Locate every line below that contains the word "fillet" and copy it.
[Dataset content — start]
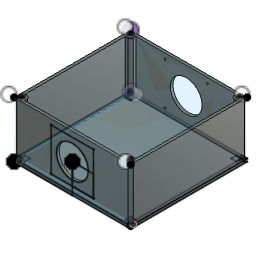
main box v3 (Autodesk Fusion 360 design; units mm, degrees)
Autodesk Fusion 360 part; units mm, degrees
note: some values were not read from the file. Set by a fixed rule: which sketch regions a step uses.
sketch "Sketch1" plane through (0, 0, 0) normal (0, 1, 0) x (1, 0, 0)
  line L0 (0, 0) -> (220, 0)
  line L1 (220, 0) -> (220, -220)
  line L2 (220, -220) -> (0, -220)
  line L3 (0, -220) -> (0, 0)
  dimension "d1" = 220
  dimension "d2" = 220
  constraint horizontal L0
  constraint vertical L1
  constraint horizontal L2
  constraint vertical L3
  constraint coincident L0.start L3.end
  measures "d1" distance of L0.start L0.end
  measures "d2" distance of L0.start L2.end
extrude "Extrude1" add sketch "Sketch1" along normal blind 5
sketch "Sketch2" plane through (0, 5, 0) normal (0, 1, 0) x (-1, 0, 0)
  line L0 (0, 220) -> (-220, 220)
  line L1 (-220, 220) -> (-220, 0)
  line L2 (-220, 0) -> (0, 0)
  line L3 (0, 0) -> (0, 220)
  line L4 (0, 0) -> (-10, 0)
  line L5 (-10, 220) -> (0, 220)
  line L6 (0, 220) -> (0, 0)
  line L7 (0, 0) -> (-5, 0)
  line L8 (-5, 0) -> (-5, 220)
  line L9 (-5, 220) -> (0, 220)
  line L10 (0, 220) -> (0, 0)
  line L11 (0, 0) -> (-220, 0)
  line L12 (-220, 0) -> (-220, 5)
  line L13 (-220, 5) -> (0, 5)
  line L14 (0, 5) -> (0, 0)
  line L15 (0, 220) -> (-220, 220)
  line L16 (-220, 220) -> (-220, 215)
  line L17 (-220, 215) -> (0, 215)
  line L18 (0, 215) -> (0, 220)
  line L19 (-220, 220) -> (-215, 220)
  line L20 (-215, 220) -> (-215, 0)
  line L21 (-215, 0) -> (-220, 0)
  line L22 (-220, 0) -> (-220, 220)
  dimension "d5" = 5
  dimension "d6" = 5
  constraint horizontal L4
  constraint horizontal L5
  constraint vertical L6
  constraint coincident L0 L5.start
  constraint coincident L2.end L3.start
  constraint horizontal L7
  constraint vertical L8
  constraint horizontal L9
  constraint vertical L10
  constraint midpoint L5 L8.end
  constraint horizontal L11
  constraint vertical L12
  constraint horizontal L13
  constraint vertical L14
  constraint horizontal L15
  constraint vertical L16
  constraint horizontal L17
  constraint vertical L18
  constraint coincident L1 L16.end
  constraint coincident L0.start L3.end
  constraint horizontal L19
  constraint vertical L20
  constraint horizontal L21
  constraint vertical L22
  constraint coincident L0.end L1.start
  measures "d5" distance of L2.end L13.end
  measures "d6" distance of L0.end L19.end
extrude "Extrude2" add sketch "Sketch2" along normal blind 100 contours L0 L3 L5 L6 L8 L9 L10 L15 L17 L18 | L0 L5 L8 L15 L17 L20 | L3 L6 L8 L10 L13 L17 | L2 L3 L4 L6 L7 L8 L10 L11 L13 L14 | L0 L1 L15 L16 L17 L19 L20 L22 | L2 L4 L8 L11 L13 L20 | L1 L13 L17 L20 L22 | L1 L2 L11 L12 L13 L20 L21 L22
sketch "Sketch3" plane through (0, 0, 5) normal (0, 0, 1) x (1, 0, 0)
  line L0 (5, 5) -> (215, 5)
  line L1 (215, 5) -> (215, 105)
  line L2 (215, 105) -> (5, 105)
  line L3 (5, 105) -> (5, 5)
sketch "Sketch4" plane through (0, 5, 0) normal (0, 1, 0) x (-1, 0, 0)
  line L0 (-5, 5) -> (-5, 215)
  line L1 (-5, 215) -> (-215, 215)
  line L2 (-215, 215) -> (-215, 5)
  line L3 (-215, 5) -> (-5, 5)
  line L4 (-5, 5) -> (-15, 5)
  line L5 (-15, 5) -> (-15, 15)
  line L6 (-15, 15) -> (-5, 15)
  line L7 (-5, 15) -> (-5, 5)
  line L8 (-215, 5) -> (-205, 5)
  line L9 (-205, 5) -> (-205, 15)
  line L10 (-205, 15) -> (-215, 15)
  line L11 (-215, 15) -> (-215, 5)
  line L12 (-5, 215) -> (-15, 215)
  line L13 (-15, 215) -> (-15, 205)
  line L14 (-15, 205) -> (-5, 205)
  line L15 (-5, 205) -> (-5, 215)
  line L16 (-215, 215) -> (-205, 215)
  line L17 (-205, 215) -> (-205, 205)
  line L18 (-205, 205) -> (-215, 205)
  line L19 (-215, 205) -> (-215, 215)
  dimension "d10" = 10
  dimension "d11" = 10
  dimension "d12" = 10
  dimension "d13" = 10
  dimension "d14" = 10
  dimension "d15" = 10
  dimension "d16" = 10
  dimension "d17" = 10
  constraint horizontal L4
  constraint vertical L5
  constraint horizontal L6
  constraint vertical L7
  constraint coincident L0.start L3.end
  constraint horizontal L8
  constraint vertical L9
  constraint horizontal L10
  constraint vertical L11
  constraint coincident L2.end L3.start
  constraint horizontal L12
  constraint vertical L13
  constraint horizontal L14
  constraint vertical L15
  constraint coincident L0.end L1.start
  constraint horizontal L16
  constraint vertical L17
  constraint horizontal L18
  constraint vertical L19
  constraint coincident L1.end L2.start
  measures "d10" distance of L0.start L4.end
  measures "d11" distance of L0.start L6.end
  measures "d12" distance of L2.end L8.end
  measures "d13" distance of L2.end L10.end
  measures "d14" distance of L0.end L12.end
  measures "d15" distance of L0.end L14.end
  measures "d16" distance of L1.end L16.end
  measures "d17" distance of L1.end L18.end
extrude "Extrude3" add sketch "Sketch4" along normal blind 100 contours L0 L3 L4 L5 L6 L7 | L0 L1 L12 L13 L14 L15 | L2 L3 L8 L9 L10 L11 | L1 L2 L16 L17 L18 L19
fillet "Fillet1" radius 5 4 edges at (205, 55, 15) (15, 55, 15) (15, 55, 205) (205, 55, 205)
sketch "Sketch5" plane through (0, 0, 220) normal (0, 0, 1) x (1, 0, 0)
  line L0 (0, 0) -> (220, 0)
  line L1 (220, 0) -> (220, 105)
  line L2 (220, 105) -> (0, 105)
  line L3 (0, 105) -> (0, 0)
  line L4 (0, 0) -> (110, 0)
  line L5 (110, 0) -> (110, 55)
  line L6 (110, 55) -> (150, 55)
  line L7 (150, 55) -> (150, 15)
  line L8 (150, 15) -> (110, 15)
  line L9 (110, 15) -> (110, 55)
  line L10 (150, 15) -> (70, 15)
  line L11 (70, 15) -> (70, 95)
  line L12 (70, 95) -> (150, 95)
  line L13 (150, 95) -> (150, 15)
  circle A0 centre (110, 55) radius 30
  dimension "d22" = 55
  dimension "d23" = 40
  dimension "d24" = 40
  dimension "d25" = 80
  dimension "d26" = 80
  dimension "d27" = 60
  constraint coincident L0.start L3.end
  constraint midpoint L0 L4.end
  constraint perpendicular L2 L5
  constraint horizontal L6
  constraint vertical L7
  constraint horizontal L8
  constraint vertical L9
  constraint horizontal L10
  constraint vertical L11
  constraint horizontal L12
  constraint vertical L13
  constraint coincident L5.end L6.start
  measures "d22" distance of L4.end L5.end
  measures "d23" distance of L5.end L6.end
  measures "d24" distance of L5.end L8.end
  measures "d25" distance of L7.end L10.end
  measures "d26" distance of L7.end L12.end
  measures "d27" diameter of A0
extrude "Extrude4" cut sketch "Sketch5" against normal blind 270 contours L5 L6 L9 A0 | L5 L6 L9 A0
hole "Hole1" at (70, 95, 220) at (150, 95, 220) at (70, 15, 220) at (150, 15, 220) direction (0, 0, -1) diameter 3.5 depth 10000 tip angle 118
sketch "Sketch6" plane through (0, 105, 0) normal (0, 1, 0) x (-1, 0, 0)
  arc A0 (-210, 205) -> (-205, 210) centre (-210, 210) ccw
  line L0 (-205, 210) -> (-205, 215)
  line L1 (-205, 215) -> (-15, 215)
  line L2 (-15, 215) -> (-15, 210)
  arc A1 (-15, 210) -> (-10, 205) centre (-10, 210) ccw
  line L3 (-10, 205) -> (-5, 205)
  line L4 (-5, 205) -> (-5, 15)
  line L5 (-5, 15) -> (-10, 15)
  arc A2 (-10, 15) -> (-15, 10) centre (-10, 10) ccw
  line L6 (-15, 10) -> (-15, 5)
  line L7 (-15, 5) -> (-205, 5)
  line L8 (-205, 5) -> (-205, 10)
  arc A3 (-205, 10) -> (-210, 15) centre (-210, 10) ccw
  line L9 (-210, 15) -> (-215, 15)
  line L10 (-215, 15) -> (-215, 205)
  line L11 (-215, 205) -> (-210, 205)
  line L12 (0, 0) -> (0, 220)
  line L13 (0, 220) -> (-220, 220)
  line L14 (-220, 220) -> (-220, 0)
  line L15 (-220, 0) -> (0, 0)
  line L16 (0, 0) -> (-7.0711, 7.0711)
  line L17 (0, 0) -> (10, 0) construction
  line L18 (-220, 0) -> (-212.9289, 7.0711)
  line L19 (-220, 0) -> (-210, 0) construction
  line L20 (0, 220) -> (-7.0711, 212.9289)
  line L21 (0, 220) -> (10, 220) construction
  line L22 (-220, 220) -> (-212.9289, 212.9289)
  line L23 (-220, 220) -> (-210, 220) construction
  dimension "d33" = 135
  dimension "d34" = 10
  dimension "d35" = 45
  dimension "d36" = 10
  dimension "d37" = 135
  dimension "d38" = 10
  dimension "d39" = 10
  dimension "d40" = 45
  constraint horizontal L17
  constraint coincident L12.start L15.end
  constraint horizontal L19
  constraint coincident L14.end L15.start
  constraint horizontal L21
  constraint coincident L12.end L13.start
  constraint horizontal L23
  constraint coincident L13.end L14.start
  measures "d33" angle of L16 L17
  measures "d34" distance of L12.start L16.end
  measures "d35" angle of L18 L19
  measures "d36" distance of L14.end L18.end
  measures "d37" angle of L20 L21
  measures "d38" distance of L12.end L20.end
  measures "d39" distance of L13.end L22.end
  measures "d40" angle of L22 L23
hole "Hole2" at (7.0711, 105, 212.9289) at (212.9289, 105, 212.9289) at (212.9289, 105, 7.0711) at (7.0711, 105, 7.0711) direction (0, -1, 0) diameter 4.7 depth 4.3 tip angle 180
hole "Hole3" at (7.0711, 105, 212.9289) at (212.9289, 105, 212.9289) at (212.9289, 105, 7.0711) at (7.0711, 105, 7.0711) direction (0, -1, 0) diameter 3.5 depth 8 tip angle 180
fillet "Fillet2" radius 5 4 edges at (220, 52.5, 220) (0, 52.5, 220) (0, 52.5, 0) (220, 52.5, 0)
[Dataset content — finish]
[Response]:
fillet "Fillet1" radius 5 4 edges at (205, 55, 15) (15, 55, 15) (15, 55, 205) (205, 55, 205)
fillet "Fillet2" radius 5 4 edges at (220, 52.5, 220) (0, 52.5, 220) (0, 52.5, 0) (220, 52.5, 0)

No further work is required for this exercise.